(Data records)
*** Block opens ***
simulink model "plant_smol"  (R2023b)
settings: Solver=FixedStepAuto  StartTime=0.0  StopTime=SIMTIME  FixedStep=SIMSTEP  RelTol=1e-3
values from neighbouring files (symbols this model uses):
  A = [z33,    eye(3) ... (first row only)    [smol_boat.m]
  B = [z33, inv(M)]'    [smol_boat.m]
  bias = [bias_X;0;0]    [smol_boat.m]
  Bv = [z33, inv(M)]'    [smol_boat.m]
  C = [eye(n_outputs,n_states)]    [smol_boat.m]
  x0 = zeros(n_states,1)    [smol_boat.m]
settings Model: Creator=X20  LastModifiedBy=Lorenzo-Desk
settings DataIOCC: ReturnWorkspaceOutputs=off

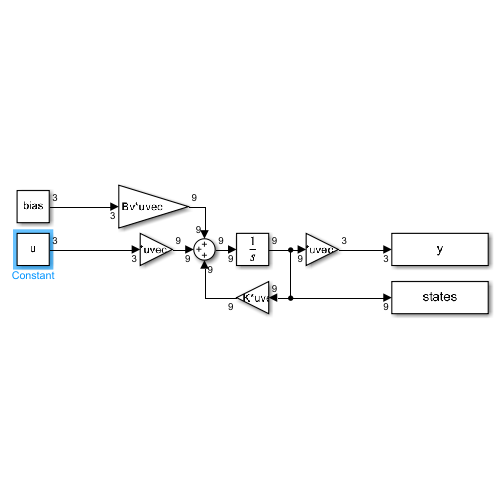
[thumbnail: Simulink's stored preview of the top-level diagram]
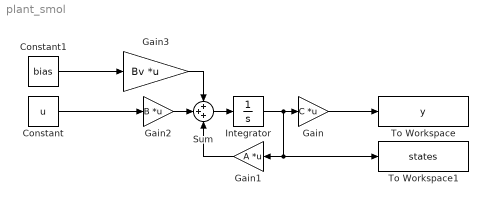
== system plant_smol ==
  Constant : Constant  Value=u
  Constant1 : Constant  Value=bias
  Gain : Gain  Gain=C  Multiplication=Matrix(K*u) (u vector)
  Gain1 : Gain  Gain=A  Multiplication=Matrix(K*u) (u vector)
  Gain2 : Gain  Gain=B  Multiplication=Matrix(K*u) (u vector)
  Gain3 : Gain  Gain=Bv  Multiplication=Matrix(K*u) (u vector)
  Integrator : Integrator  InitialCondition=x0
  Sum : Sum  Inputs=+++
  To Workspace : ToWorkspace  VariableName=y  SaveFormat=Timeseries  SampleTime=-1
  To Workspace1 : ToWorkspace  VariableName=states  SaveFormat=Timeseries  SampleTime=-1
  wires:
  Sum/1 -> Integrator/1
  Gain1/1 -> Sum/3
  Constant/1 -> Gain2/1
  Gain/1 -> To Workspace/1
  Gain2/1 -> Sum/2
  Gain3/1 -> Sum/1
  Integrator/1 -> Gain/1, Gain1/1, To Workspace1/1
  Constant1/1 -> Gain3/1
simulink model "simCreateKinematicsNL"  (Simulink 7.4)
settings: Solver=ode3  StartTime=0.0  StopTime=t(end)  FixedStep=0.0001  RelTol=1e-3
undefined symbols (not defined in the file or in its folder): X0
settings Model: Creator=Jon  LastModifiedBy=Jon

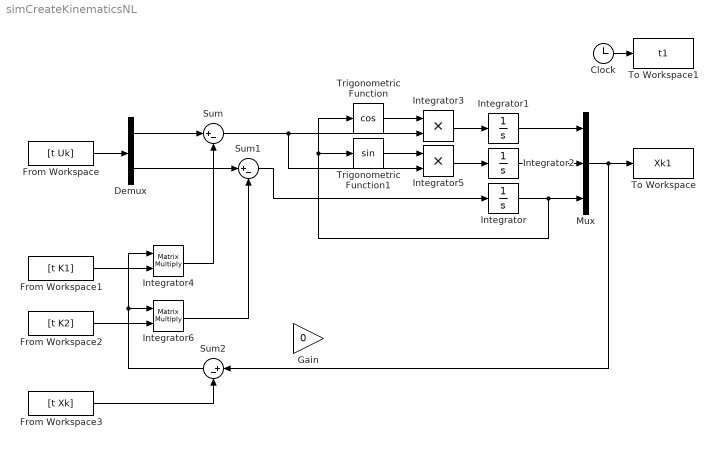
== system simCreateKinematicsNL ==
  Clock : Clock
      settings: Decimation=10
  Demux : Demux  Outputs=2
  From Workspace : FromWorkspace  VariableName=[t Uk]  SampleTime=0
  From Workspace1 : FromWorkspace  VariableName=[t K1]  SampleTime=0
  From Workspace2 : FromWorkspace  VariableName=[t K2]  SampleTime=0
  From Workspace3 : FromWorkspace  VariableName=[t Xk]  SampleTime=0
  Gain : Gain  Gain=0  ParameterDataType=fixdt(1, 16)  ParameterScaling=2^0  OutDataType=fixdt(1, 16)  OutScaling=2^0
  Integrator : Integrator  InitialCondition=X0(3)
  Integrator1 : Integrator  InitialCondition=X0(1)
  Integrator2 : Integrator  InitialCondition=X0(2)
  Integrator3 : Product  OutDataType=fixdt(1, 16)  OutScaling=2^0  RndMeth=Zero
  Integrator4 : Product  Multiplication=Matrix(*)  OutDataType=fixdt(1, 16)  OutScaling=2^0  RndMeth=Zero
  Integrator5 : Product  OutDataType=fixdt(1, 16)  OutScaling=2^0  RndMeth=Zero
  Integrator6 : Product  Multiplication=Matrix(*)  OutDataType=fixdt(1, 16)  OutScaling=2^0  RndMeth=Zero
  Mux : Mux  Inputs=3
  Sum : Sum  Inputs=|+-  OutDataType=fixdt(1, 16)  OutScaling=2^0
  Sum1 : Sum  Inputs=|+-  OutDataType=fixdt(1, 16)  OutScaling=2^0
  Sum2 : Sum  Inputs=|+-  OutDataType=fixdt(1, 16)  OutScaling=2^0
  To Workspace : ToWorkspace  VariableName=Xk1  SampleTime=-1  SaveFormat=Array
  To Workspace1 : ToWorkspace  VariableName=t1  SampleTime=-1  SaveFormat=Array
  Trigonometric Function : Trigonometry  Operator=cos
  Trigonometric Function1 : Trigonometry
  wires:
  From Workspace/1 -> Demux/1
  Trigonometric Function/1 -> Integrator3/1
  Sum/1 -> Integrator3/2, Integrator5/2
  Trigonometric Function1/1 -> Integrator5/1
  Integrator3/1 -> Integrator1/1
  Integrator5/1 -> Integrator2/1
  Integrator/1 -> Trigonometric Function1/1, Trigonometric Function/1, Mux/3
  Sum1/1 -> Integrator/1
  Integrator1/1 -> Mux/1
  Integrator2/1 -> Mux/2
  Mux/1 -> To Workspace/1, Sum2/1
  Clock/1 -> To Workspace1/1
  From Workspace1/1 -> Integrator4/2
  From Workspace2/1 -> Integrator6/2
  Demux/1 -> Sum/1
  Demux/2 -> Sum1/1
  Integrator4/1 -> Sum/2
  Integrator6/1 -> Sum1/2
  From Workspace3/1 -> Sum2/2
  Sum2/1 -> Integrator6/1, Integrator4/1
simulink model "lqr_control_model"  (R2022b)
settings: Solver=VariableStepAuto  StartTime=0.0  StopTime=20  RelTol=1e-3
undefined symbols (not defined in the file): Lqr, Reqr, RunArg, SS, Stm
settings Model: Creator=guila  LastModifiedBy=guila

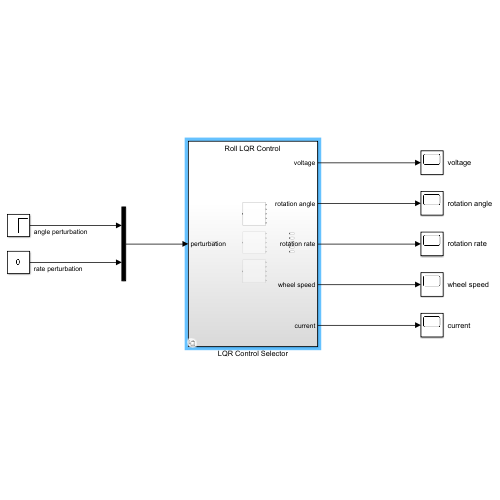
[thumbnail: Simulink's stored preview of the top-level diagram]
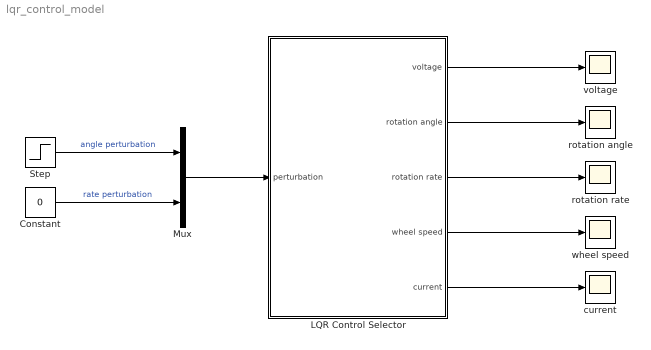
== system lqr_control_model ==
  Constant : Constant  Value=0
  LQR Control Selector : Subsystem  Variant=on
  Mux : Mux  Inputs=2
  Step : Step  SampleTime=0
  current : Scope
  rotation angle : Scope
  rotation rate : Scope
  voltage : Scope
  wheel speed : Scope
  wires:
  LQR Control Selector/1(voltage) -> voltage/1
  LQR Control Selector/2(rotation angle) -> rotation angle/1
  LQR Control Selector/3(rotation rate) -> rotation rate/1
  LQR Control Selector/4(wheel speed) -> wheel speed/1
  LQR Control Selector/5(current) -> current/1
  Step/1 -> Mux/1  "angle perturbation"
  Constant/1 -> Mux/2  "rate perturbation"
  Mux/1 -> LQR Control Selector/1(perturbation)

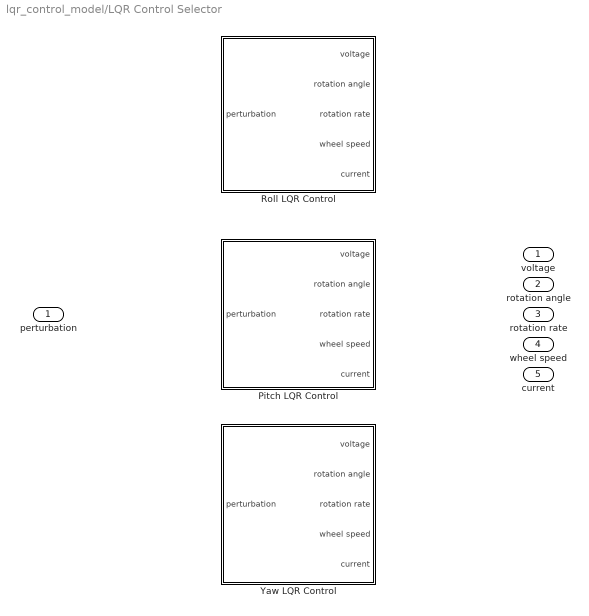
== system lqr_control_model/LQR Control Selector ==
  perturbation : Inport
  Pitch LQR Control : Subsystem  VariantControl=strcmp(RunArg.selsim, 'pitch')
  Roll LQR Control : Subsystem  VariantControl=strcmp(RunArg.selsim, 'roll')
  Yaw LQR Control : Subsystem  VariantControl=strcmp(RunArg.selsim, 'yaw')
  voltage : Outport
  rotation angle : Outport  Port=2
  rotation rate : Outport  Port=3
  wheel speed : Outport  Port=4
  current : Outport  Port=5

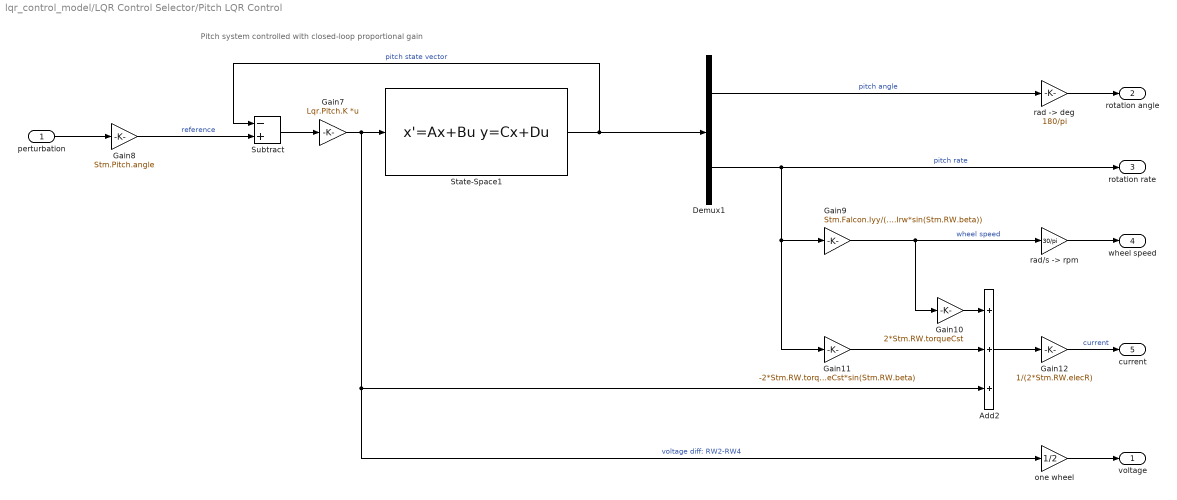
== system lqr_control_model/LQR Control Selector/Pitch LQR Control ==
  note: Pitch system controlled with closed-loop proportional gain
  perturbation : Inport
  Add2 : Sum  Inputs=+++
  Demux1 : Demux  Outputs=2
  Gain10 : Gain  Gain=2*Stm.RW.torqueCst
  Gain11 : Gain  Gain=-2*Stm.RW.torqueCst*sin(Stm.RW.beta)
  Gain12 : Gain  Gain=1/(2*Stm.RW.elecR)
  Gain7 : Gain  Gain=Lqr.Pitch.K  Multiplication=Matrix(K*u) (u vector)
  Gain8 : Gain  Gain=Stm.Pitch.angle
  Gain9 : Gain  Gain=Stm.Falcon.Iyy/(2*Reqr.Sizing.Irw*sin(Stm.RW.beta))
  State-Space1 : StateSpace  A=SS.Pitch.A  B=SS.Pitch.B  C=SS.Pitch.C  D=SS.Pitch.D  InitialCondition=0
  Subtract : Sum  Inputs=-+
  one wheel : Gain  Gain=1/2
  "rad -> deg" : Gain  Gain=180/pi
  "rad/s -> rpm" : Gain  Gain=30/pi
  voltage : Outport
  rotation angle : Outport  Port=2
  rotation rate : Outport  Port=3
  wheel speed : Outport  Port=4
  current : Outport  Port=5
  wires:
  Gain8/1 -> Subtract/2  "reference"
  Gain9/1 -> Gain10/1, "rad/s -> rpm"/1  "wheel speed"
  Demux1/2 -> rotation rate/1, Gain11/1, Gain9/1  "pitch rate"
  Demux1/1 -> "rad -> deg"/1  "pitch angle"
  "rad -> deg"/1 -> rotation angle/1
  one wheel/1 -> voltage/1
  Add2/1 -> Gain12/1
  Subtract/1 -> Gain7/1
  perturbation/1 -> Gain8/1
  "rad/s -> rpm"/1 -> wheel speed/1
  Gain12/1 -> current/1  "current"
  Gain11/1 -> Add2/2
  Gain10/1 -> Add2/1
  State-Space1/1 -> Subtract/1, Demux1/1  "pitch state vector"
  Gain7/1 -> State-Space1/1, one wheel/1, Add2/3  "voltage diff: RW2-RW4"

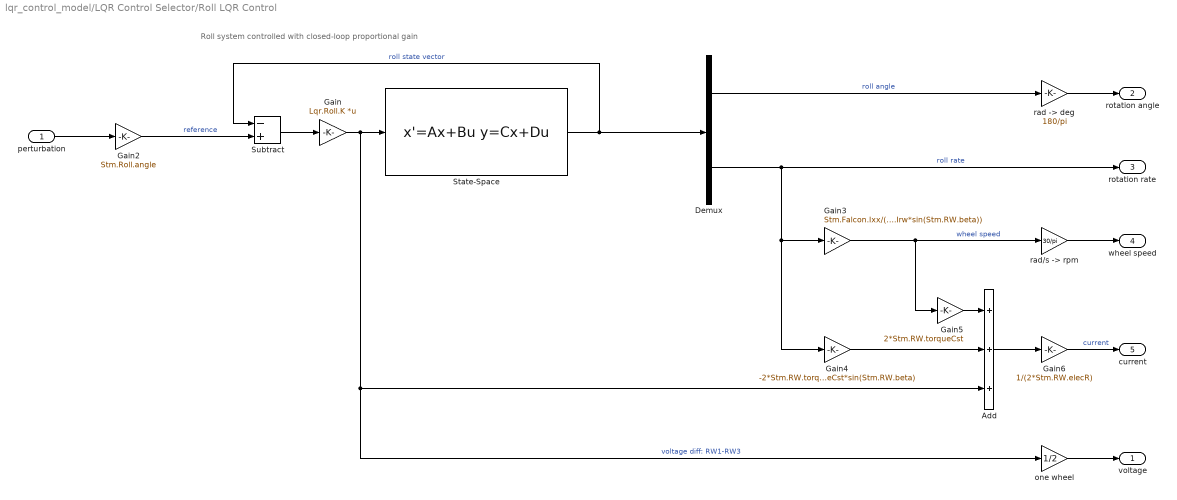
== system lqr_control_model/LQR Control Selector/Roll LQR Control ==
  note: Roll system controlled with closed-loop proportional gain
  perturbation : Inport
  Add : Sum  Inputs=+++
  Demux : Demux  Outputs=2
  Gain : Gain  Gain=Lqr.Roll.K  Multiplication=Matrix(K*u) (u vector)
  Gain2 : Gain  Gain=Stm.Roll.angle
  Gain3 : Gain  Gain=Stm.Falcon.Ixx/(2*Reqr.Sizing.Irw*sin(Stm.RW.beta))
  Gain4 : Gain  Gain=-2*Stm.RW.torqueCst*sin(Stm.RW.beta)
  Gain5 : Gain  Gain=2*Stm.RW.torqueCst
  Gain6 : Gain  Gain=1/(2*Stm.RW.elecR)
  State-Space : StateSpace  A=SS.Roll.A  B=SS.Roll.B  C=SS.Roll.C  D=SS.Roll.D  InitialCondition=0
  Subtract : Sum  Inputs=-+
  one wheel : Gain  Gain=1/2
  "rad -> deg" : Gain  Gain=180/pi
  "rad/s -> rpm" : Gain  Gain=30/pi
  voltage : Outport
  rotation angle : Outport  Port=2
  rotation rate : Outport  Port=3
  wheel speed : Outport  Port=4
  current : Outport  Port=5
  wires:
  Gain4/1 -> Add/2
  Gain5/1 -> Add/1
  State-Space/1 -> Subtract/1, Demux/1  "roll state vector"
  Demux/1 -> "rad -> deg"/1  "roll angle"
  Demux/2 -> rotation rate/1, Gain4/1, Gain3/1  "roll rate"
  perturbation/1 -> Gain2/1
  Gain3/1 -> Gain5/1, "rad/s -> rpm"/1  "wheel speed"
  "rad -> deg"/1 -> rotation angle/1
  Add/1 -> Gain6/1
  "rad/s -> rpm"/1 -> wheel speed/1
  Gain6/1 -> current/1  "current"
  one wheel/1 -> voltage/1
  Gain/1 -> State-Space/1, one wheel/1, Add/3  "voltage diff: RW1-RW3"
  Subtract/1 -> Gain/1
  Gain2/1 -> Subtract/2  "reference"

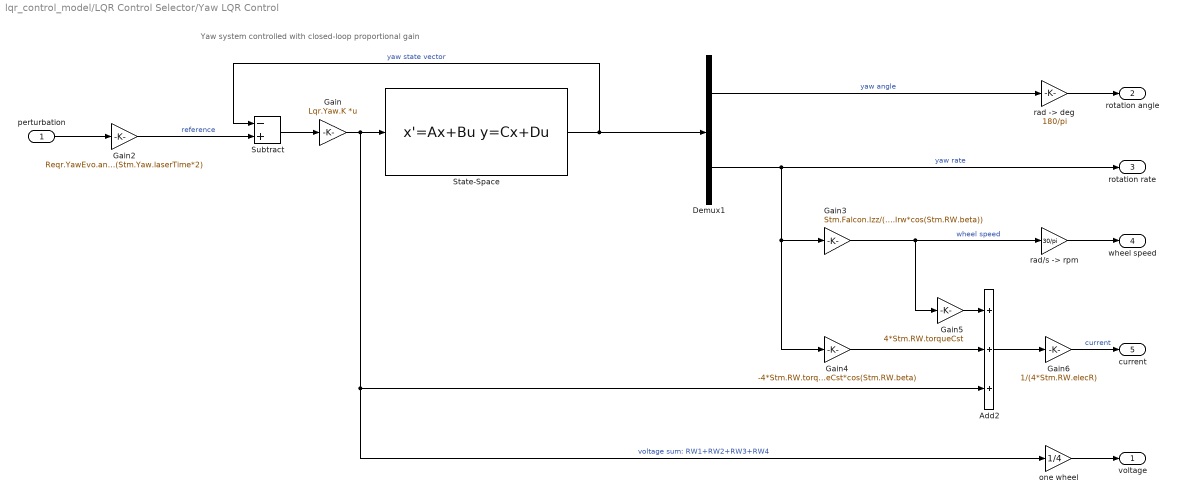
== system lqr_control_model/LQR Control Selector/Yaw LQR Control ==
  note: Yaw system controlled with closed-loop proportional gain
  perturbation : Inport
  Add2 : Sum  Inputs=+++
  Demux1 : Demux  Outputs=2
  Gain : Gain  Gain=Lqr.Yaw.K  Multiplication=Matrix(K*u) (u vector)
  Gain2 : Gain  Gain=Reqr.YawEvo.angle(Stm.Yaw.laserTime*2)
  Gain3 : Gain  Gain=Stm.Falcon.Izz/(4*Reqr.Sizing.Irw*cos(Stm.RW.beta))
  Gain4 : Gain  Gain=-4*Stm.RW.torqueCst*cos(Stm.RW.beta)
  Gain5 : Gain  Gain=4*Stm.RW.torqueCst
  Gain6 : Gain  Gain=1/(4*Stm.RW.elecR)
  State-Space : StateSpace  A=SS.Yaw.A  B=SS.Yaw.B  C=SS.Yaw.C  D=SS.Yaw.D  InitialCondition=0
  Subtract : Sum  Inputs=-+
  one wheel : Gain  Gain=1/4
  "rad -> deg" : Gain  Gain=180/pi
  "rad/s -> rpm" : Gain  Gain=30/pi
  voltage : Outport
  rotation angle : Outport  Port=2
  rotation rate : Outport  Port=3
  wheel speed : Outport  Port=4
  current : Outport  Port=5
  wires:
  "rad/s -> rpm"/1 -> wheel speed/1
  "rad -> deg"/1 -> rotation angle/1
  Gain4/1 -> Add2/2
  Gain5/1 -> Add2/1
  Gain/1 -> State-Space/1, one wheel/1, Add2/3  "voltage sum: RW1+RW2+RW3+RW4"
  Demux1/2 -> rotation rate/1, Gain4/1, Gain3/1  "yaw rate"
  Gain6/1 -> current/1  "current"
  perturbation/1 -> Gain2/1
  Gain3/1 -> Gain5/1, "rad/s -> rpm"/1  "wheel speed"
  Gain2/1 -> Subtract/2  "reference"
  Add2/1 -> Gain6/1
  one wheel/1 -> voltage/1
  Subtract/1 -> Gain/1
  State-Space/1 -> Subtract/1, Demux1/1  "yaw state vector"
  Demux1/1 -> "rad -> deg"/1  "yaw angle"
*** Block closes ***
DIRECTIONS FOR THIS TASK:
Repeat only the stretch of data above that runs from the line with "perturbation/1 -> Gain8/1" to the line with "Gain5/1 -> Add/1". Keep both end lines; exclude pictures.

RESPONSE:
  perturbation/1 -> Gain8/1
  "rad/s -> rpm"/1 -> wheel speed/1
  Gain12/1 -> current/1  "current"
  Gain11/1 -> Add2/2
  Gain10/1 -> Add2/1
  State-Space1/1 -> Subtract/1, Demux1/1  "pitch state vector"
  Gain7/1 -> State-Space1/1, one wheel/1, Add2/3  "voltage diff: RW2-RW4"

== system lqr_control_model/LQR Control Selector/Roll LQR Control ==
  note: Roll system controlled with closed-loop proportional gain
  perturbation : Inport
  Add : Sum  Inputs=+++
  Demux : Demux  Outputs=2
  Gain : Gain  Gain=Lqr.Roll.K  Multiplication=Matrix(K*u) (u vector)
  Gain2 : Gain  Gain=Stm.Roll.angle
  Gain3 : Gain  Gain=Stm.Falcon.Ixx/(2*Reqr.Sizing.Irw*sin(Stm.RW.beta))
  Gain4 : Gain  Gain=-2*Stm.RW.torqueCst*sin(Stm.RW.beta)
  Gain5 : Gain  Gain=2*Stm.RW.torqueCst
  Gain6 : Gain  Gain=1/(2*Stm.RW.elecR)
  State-Space : StateSpace  A=SS.Roll.A  B=SS.Roll.B  C=SS.Roll.C  D=SS.Roll.D  InitialCondition=0
  Subtract : Sum  Inputs=-+
  one wheel : Gain  Gain=1/2
  "rad -> deg" : Gain  Gain=180/pi
  "rad/s -> rpm" : Gain  Gain=30/pi
  voltage : Outport
  rotation angle : Outport  Port=2
  rotation rate : Outport  Port=3
  wheel speed : Outport  Port=4
  current : Outport  Port=5
  wires:
  Gain4/1 -> Add/2
  Gain5/1 -> Add/1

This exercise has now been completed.